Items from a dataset
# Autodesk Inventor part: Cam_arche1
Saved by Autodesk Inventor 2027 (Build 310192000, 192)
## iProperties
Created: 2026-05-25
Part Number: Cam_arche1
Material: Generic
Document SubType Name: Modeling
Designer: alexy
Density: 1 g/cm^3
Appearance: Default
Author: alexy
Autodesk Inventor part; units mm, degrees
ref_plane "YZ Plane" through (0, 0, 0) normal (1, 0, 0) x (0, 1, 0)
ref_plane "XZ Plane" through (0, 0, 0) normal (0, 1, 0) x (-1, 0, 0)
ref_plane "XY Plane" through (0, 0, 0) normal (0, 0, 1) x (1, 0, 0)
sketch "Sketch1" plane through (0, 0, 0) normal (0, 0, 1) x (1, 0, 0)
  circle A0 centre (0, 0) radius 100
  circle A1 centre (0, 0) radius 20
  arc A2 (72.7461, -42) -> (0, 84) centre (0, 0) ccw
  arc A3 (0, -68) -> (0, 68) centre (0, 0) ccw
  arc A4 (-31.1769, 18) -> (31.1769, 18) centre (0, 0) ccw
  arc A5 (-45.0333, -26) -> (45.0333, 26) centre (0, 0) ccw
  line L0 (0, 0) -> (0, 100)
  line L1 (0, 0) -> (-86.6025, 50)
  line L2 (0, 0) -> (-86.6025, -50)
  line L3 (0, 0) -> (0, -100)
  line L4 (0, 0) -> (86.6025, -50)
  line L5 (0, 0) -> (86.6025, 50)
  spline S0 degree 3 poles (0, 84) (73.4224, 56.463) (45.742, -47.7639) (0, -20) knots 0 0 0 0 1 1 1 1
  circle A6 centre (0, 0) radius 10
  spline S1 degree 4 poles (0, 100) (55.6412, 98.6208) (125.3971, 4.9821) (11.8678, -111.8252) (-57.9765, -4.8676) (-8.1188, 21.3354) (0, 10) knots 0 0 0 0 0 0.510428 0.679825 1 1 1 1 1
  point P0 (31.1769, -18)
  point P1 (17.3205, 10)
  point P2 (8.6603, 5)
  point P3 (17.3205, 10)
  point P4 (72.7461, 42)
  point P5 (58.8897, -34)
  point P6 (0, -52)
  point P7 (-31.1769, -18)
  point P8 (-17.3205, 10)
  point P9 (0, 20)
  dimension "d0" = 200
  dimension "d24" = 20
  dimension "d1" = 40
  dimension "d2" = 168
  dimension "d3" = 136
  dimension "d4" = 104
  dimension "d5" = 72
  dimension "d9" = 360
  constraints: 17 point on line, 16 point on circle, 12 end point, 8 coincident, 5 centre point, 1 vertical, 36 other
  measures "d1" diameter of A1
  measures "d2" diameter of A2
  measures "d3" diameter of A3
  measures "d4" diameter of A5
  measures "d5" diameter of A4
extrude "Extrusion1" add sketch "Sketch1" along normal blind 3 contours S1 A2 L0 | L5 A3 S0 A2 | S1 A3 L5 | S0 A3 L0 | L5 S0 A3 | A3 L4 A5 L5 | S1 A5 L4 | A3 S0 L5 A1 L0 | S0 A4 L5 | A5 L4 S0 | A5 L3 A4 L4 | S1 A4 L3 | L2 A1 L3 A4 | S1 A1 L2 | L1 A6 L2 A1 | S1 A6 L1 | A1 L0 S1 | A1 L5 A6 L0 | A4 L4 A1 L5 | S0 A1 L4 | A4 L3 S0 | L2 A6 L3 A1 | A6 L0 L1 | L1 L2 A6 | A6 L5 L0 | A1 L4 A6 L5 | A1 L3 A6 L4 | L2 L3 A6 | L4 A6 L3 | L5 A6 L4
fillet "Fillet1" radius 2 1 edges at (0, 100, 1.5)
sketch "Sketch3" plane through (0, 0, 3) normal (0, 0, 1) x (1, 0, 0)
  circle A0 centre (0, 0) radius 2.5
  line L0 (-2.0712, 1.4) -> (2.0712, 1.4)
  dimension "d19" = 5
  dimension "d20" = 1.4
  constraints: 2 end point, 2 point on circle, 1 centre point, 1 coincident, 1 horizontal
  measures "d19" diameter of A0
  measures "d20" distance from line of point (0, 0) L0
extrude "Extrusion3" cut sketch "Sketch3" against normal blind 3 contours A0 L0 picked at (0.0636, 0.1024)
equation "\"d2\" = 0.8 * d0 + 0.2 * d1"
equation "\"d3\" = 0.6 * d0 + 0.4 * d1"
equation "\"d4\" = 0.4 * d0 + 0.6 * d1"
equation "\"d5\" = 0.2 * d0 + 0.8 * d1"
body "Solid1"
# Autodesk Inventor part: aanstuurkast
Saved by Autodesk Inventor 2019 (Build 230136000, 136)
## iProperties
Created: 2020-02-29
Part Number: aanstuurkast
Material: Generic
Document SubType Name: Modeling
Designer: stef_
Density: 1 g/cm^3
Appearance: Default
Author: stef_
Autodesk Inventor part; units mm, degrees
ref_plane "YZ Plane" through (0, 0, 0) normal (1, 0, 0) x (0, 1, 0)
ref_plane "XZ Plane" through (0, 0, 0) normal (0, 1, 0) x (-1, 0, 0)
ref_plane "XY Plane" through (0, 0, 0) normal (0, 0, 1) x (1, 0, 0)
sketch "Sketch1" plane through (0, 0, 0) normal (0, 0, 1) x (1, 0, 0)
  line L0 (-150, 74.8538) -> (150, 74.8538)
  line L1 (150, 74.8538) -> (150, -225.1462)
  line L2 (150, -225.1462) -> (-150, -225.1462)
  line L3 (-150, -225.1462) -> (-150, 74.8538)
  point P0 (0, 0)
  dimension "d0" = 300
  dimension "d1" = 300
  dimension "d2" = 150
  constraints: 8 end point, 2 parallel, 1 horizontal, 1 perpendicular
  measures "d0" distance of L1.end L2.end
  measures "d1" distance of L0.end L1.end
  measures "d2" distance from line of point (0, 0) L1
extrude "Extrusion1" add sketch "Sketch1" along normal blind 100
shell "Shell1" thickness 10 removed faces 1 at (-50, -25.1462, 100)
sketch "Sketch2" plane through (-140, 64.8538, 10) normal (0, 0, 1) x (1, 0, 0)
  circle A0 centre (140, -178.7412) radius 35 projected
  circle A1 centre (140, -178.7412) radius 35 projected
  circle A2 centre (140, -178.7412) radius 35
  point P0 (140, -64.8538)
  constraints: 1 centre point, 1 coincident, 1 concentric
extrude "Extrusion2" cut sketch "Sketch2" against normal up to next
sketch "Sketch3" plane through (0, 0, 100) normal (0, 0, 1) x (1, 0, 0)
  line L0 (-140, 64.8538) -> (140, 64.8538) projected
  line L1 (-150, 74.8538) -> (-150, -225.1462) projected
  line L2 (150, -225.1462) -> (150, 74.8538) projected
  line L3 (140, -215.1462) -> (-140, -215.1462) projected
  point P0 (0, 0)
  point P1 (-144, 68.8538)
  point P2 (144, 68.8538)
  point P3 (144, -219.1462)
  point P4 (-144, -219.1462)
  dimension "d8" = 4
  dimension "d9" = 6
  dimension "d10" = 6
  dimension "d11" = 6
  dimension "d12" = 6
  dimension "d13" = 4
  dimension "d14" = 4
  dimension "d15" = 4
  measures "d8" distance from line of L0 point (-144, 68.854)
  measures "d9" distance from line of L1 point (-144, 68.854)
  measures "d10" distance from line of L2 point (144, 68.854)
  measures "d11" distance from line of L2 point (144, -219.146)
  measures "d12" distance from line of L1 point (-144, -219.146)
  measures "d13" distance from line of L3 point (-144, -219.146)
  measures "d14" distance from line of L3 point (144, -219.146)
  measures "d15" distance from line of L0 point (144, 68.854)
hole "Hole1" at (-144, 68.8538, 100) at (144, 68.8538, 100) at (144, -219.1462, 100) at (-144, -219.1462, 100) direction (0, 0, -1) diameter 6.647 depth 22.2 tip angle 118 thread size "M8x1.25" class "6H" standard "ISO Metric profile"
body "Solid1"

# INSTRUCTIONS FOR THE TASK:
Beginning with the line above that contains "(-50, -25.1462, 100)", copy each line exactly up to and including the line that contains "point P3 (144, -219.1462)", and go no further.

# ANSWER FOR THE TASK:
shell "Shell1" thickness 10 removed faces 1 at (-50, -25.1462, 100)
sketch "Sketch2" plane through (-140, 64.8538, 10) normal (0, 0, 1) x (1, 0, 0)
  circle A0 centre (140, -178.7412) radius 35 projected
  circle A1 centre (140, -178.7412) radius 35 projected
  circle A2 centre (140, -178.7412) radius 35
  point P0 (140, -64.8538)
  constraints: 1 centre point, 1 coincident, 1 concentric
extrude "Extrusion2" cut sketch "Sketch2" against normal up to next
sketch "Sketch3" plane through (0, 0, 100) normal (0, 0, 1) x (1, 0, 0)
  line L0 (-140, 64.8538) -> (140, 64.8538) projected
  line L1 (-150, 74.8538) -> (-150, -225.1462) projected
  line L2 (150, -225.1462) -> (150, 74.8538) projected
  line L3 (140, -215.1462) -> (-140, -215.1462) projected
  point P0 (0, 0)
  point P1 (-144, 68.8538)
  point P2 (144, 68.8538)
  point P3 (144, -219.1462)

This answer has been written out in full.